Rules for PDB Comparison Tables


Last Update: 2001-10-26 Gail

These tables are used for storing PDB homologs and data from sequence comparison analysis.


TABLE PDB_Sequence
====================
pdb_sequence_no	Required.
		Primary key.  Oracle sequence number.
		Cannot be updated.
		NUMBER(10)

sequence_name	Required.
                VARCHAR2(50)

source		Required.
                Coded.
                On insert or update, check if value is in code table.
                VARCHAR2(40)

organism	Required.
                Coded.
                On insert or update, check if value is in code table.
                VARCHAR2(40)

sequence_length	Required. 
                NUMBER(10)

note		Optional.
                VARCHAR2(960)

date_created    Required.
                On insert, set to SYSDATE.
                On update, keep original date.
 
created_by      Required.
                On insert, set to USER

Other notes/rules:
===================
Organism is a coded value.  For the PDB data, Shuai's program will
first check to see if the PDB Source field matches an organism in the
code table.  If it does, it will insert it.  If it doesn't match,
organism will get "Other" or "Unknown", and the Source field will get
inserted into the description column, along with the Classification
field from PDB. I will make a list of synonyms for organism that Shuai
can check before loading.

Each row in the bio_seq table, including yeast sequences, should have
a corresponding row in the external_id table.

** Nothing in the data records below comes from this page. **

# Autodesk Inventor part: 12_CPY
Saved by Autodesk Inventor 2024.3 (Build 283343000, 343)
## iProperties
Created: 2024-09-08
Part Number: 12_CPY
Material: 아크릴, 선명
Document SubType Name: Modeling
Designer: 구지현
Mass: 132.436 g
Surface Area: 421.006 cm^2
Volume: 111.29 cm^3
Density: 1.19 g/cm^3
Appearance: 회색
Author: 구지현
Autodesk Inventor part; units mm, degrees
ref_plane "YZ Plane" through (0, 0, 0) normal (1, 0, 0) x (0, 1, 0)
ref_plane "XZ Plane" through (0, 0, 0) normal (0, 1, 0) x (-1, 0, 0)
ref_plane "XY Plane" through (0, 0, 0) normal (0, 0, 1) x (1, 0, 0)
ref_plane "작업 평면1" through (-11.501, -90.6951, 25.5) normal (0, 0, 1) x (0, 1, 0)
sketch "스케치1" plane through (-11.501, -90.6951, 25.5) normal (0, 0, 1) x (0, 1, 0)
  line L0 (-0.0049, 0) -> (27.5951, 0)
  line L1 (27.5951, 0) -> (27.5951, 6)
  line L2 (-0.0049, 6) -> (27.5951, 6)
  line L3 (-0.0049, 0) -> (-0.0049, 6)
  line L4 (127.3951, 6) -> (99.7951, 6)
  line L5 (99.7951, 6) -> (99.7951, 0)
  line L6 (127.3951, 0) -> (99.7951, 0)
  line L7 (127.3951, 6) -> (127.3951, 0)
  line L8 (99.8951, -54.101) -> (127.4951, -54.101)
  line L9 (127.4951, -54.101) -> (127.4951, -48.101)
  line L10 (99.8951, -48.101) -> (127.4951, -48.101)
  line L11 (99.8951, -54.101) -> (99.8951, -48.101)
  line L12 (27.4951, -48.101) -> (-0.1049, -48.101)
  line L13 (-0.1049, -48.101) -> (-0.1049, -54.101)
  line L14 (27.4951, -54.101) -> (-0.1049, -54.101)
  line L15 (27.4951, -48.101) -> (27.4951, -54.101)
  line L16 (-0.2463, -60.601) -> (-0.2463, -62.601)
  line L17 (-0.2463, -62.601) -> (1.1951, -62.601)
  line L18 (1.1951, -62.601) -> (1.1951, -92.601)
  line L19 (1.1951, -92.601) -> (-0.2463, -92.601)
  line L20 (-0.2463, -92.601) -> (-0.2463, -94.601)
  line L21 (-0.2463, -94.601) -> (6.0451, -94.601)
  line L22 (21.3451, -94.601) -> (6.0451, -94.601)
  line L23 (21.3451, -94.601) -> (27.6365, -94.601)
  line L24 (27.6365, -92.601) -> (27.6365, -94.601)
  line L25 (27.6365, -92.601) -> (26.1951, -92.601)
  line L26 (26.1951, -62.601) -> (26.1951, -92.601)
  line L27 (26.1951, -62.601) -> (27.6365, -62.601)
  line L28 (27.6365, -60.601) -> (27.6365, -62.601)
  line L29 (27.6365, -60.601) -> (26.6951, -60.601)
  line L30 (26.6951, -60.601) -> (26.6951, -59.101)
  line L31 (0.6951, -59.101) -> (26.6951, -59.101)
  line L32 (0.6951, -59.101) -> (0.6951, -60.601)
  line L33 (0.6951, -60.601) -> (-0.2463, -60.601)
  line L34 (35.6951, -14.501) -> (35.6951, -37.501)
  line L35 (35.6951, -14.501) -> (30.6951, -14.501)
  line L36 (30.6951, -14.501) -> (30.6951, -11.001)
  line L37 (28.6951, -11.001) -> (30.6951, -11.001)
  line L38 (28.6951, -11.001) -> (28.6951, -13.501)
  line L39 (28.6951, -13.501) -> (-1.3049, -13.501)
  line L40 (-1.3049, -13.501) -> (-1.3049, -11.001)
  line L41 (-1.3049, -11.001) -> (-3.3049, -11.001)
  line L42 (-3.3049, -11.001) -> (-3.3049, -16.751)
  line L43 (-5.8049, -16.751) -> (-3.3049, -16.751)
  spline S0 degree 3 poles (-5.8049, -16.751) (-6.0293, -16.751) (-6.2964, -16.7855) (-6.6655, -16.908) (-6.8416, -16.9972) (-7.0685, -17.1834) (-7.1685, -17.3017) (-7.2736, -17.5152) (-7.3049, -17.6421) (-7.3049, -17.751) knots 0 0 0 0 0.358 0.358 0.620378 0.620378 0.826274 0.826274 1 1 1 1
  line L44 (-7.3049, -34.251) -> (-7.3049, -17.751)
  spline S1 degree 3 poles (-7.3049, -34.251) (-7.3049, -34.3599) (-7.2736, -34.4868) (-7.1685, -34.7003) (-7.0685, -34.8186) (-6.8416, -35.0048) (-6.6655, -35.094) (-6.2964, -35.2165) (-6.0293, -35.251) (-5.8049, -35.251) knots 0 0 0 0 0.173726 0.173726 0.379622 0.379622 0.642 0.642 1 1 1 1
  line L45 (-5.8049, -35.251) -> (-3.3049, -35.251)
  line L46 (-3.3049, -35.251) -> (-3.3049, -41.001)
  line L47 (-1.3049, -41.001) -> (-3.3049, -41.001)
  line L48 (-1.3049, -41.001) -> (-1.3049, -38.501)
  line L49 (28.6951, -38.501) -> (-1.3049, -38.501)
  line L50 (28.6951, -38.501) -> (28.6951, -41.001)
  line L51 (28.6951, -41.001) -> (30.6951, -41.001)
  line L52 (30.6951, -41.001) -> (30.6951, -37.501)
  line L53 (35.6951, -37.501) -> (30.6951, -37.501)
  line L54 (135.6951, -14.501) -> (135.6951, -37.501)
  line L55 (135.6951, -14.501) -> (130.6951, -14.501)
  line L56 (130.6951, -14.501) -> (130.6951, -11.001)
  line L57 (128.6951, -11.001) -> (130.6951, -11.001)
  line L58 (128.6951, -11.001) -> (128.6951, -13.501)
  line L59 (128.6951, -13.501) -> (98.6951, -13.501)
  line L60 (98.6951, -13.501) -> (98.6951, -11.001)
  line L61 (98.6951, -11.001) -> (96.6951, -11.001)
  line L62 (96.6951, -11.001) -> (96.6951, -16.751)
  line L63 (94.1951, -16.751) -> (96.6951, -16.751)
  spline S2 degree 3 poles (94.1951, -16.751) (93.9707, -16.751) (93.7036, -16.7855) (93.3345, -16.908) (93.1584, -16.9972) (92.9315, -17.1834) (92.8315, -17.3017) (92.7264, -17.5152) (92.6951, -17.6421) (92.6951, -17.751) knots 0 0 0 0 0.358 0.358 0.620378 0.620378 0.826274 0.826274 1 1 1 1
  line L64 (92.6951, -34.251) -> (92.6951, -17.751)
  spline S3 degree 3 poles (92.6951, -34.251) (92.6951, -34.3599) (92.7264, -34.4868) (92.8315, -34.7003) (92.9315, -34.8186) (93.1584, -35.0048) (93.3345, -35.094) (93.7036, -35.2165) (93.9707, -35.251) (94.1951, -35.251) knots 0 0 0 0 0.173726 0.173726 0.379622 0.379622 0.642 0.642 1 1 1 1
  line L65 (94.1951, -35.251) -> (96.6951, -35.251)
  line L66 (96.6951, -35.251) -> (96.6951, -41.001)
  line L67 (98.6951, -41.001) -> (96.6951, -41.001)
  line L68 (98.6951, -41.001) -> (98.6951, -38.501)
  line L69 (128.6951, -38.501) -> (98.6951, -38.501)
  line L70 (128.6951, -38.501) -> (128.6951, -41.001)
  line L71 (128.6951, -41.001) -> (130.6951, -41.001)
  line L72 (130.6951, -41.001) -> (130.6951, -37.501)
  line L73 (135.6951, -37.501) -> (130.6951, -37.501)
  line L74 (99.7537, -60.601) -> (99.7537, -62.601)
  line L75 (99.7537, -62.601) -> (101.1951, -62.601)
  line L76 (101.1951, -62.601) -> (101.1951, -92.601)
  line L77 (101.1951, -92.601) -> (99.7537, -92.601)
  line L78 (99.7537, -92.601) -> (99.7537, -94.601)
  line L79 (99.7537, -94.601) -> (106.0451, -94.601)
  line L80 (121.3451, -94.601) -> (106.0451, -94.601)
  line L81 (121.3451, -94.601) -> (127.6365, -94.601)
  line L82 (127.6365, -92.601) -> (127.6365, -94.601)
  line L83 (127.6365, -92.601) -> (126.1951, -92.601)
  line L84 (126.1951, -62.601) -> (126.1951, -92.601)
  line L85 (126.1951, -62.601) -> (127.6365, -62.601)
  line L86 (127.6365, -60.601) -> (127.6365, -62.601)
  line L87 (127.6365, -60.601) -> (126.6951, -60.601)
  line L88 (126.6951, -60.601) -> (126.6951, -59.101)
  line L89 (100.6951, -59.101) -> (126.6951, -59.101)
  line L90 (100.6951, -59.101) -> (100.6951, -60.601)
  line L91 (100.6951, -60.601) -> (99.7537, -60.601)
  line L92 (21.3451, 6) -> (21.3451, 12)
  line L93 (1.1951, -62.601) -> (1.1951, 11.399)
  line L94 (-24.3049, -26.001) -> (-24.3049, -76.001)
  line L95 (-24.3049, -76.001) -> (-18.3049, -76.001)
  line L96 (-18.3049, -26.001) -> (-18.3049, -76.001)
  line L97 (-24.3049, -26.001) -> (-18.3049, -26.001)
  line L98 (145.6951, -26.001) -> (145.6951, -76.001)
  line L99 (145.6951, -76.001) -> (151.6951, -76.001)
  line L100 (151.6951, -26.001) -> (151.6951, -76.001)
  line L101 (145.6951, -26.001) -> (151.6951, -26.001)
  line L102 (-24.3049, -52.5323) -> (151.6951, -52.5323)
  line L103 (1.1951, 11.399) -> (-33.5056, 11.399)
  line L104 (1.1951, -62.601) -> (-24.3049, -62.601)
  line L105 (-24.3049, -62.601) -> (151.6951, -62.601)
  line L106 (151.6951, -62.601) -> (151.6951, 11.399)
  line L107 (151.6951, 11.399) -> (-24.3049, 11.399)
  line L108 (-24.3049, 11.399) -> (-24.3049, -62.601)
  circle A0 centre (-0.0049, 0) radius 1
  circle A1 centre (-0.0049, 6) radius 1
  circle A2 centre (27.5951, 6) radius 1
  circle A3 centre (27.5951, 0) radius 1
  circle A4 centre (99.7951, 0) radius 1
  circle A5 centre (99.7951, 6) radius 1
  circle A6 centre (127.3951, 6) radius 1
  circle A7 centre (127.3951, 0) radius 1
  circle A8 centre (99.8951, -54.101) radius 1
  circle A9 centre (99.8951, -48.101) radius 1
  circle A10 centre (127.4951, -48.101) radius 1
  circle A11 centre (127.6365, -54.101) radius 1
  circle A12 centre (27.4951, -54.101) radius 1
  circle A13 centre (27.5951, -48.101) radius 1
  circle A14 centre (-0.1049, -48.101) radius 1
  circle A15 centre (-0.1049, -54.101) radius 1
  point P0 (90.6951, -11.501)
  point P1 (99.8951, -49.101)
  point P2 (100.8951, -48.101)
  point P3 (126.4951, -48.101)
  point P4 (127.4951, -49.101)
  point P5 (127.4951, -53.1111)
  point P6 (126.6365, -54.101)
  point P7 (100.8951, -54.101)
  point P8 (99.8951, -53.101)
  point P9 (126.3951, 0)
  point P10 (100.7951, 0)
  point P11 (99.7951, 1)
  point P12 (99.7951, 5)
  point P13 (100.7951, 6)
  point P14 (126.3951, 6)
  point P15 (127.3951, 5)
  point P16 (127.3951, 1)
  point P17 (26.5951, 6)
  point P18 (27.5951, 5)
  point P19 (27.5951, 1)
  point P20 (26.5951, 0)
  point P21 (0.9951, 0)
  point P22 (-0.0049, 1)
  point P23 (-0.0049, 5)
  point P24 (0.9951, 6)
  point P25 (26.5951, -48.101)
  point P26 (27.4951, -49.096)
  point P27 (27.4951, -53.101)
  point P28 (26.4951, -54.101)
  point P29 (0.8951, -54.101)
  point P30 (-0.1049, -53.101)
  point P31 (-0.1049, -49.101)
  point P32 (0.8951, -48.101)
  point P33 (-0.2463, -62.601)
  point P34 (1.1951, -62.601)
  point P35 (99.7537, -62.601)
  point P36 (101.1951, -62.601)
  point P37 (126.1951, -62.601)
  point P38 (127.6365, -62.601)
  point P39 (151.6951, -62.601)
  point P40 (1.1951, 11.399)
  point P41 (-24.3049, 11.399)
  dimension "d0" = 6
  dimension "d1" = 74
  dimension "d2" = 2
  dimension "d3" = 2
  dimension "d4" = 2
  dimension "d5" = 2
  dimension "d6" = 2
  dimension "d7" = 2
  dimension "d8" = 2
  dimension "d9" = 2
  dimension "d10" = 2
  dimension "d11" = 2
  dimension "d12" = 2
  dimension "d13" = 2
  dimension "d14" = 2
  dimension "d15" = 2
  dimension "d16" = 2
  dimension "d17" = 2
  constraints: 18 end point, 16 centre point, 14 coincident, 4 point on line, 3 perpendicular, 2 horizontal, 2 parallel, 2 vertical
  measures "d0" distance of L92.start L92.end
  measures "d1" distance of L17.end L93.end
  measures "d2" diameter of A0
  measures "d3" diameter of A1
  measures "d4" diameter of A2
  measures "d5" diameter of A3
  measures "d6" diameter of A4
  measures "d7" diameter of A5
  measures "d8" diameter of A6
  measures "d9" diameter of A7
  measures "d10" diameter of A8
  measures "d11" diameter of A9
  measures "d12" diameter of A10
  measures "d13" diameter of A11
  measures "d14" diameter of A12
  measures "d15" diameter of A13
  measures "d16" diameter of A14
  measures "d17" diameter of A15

The type column will be values like "promoter", "consensus", "ORF".
The molecule column will be values like "DNA" or "protein".

There should NOT be cascade delete for this table ie. you cannot
delete a row in the bio_seq table if there are rows in:
bioseq_dataset, bioseq_family, or the alignment table.

Nightly checking script: check for rows in the bioseq table that are
not in bioseq_dataset, but are in the alignment table



TABLE PDB_Alignment
=====================
pdb_alignment_no	Required.
			Primary key.  Oracle sequence number.
			Cannot be updated.
			NUMBER(10)

query_seq_no		Required.
                        Oracle sequence number.
			Foreign key to pdb_sequence table

target_seq_no		Required.
                        Oracle sequence number.
			Foreign key to pdb_sequence table

method			Required.
                	Coded.
                	On insert or update, check if value is in code table.
                	VARCHAR2(40)

matrix			Required.
                	Coded.
                	On insert or update, check if value is in code table.
                	VARCHAR2(40)

query_align_start_coord	Required.
			NUMBER(10)

query_align_stop_coord	Required.
			NUMBER(10)

target_align_start_coord Required.
			NUMBER(10)

target_align_stop_coord	Required.
			NUMBER(10)

pct_aligned		Required.
			NUMBER(5,2)

pct_identical		Required.
			NUMBER(5,2)

pct_similar		Required.
			NUMBER(5,2)

score			Required.
			NUMBER(8,3)

date_created    	Required.
                	On insert, set to SYSDATE.
                	On update, keep original date.
 
created_by      	Required.
                	On insert, set to USER

Other notes
-----------
1. query_seq_no and target_seq_no combined are unique.



TABLE Alignment_sequence
==========================
alignment_sequence_no	Required.
			Primary key.  Oracle sequence number.
			Cannot be updated.
			NUMBER(10)

tab_name                Required.  Uppercase.
                        On insert or update, check if value is in ALL_TABLES.
                        VARCHAR2(30)

primary_key             Required.
                        VARCHAR2(40)

primary_key_col         Required. Uppercase.
                        VARCHAR2(240)

date_created    	Required.
                	On insert, set to SYSDATE.
                	On update, keep original date.
 
created_by      	Required.
                	On insert, set to USER

query_seq		Required.
			VARCHAR2(4000)

target_seq		Required.
			VARCHAR2(4000)

alignment_symbol	Required.
			VARCHAR2(4000)

Other Rules
-----------
1. tab_name, primary_key, primary_key_col together are unique.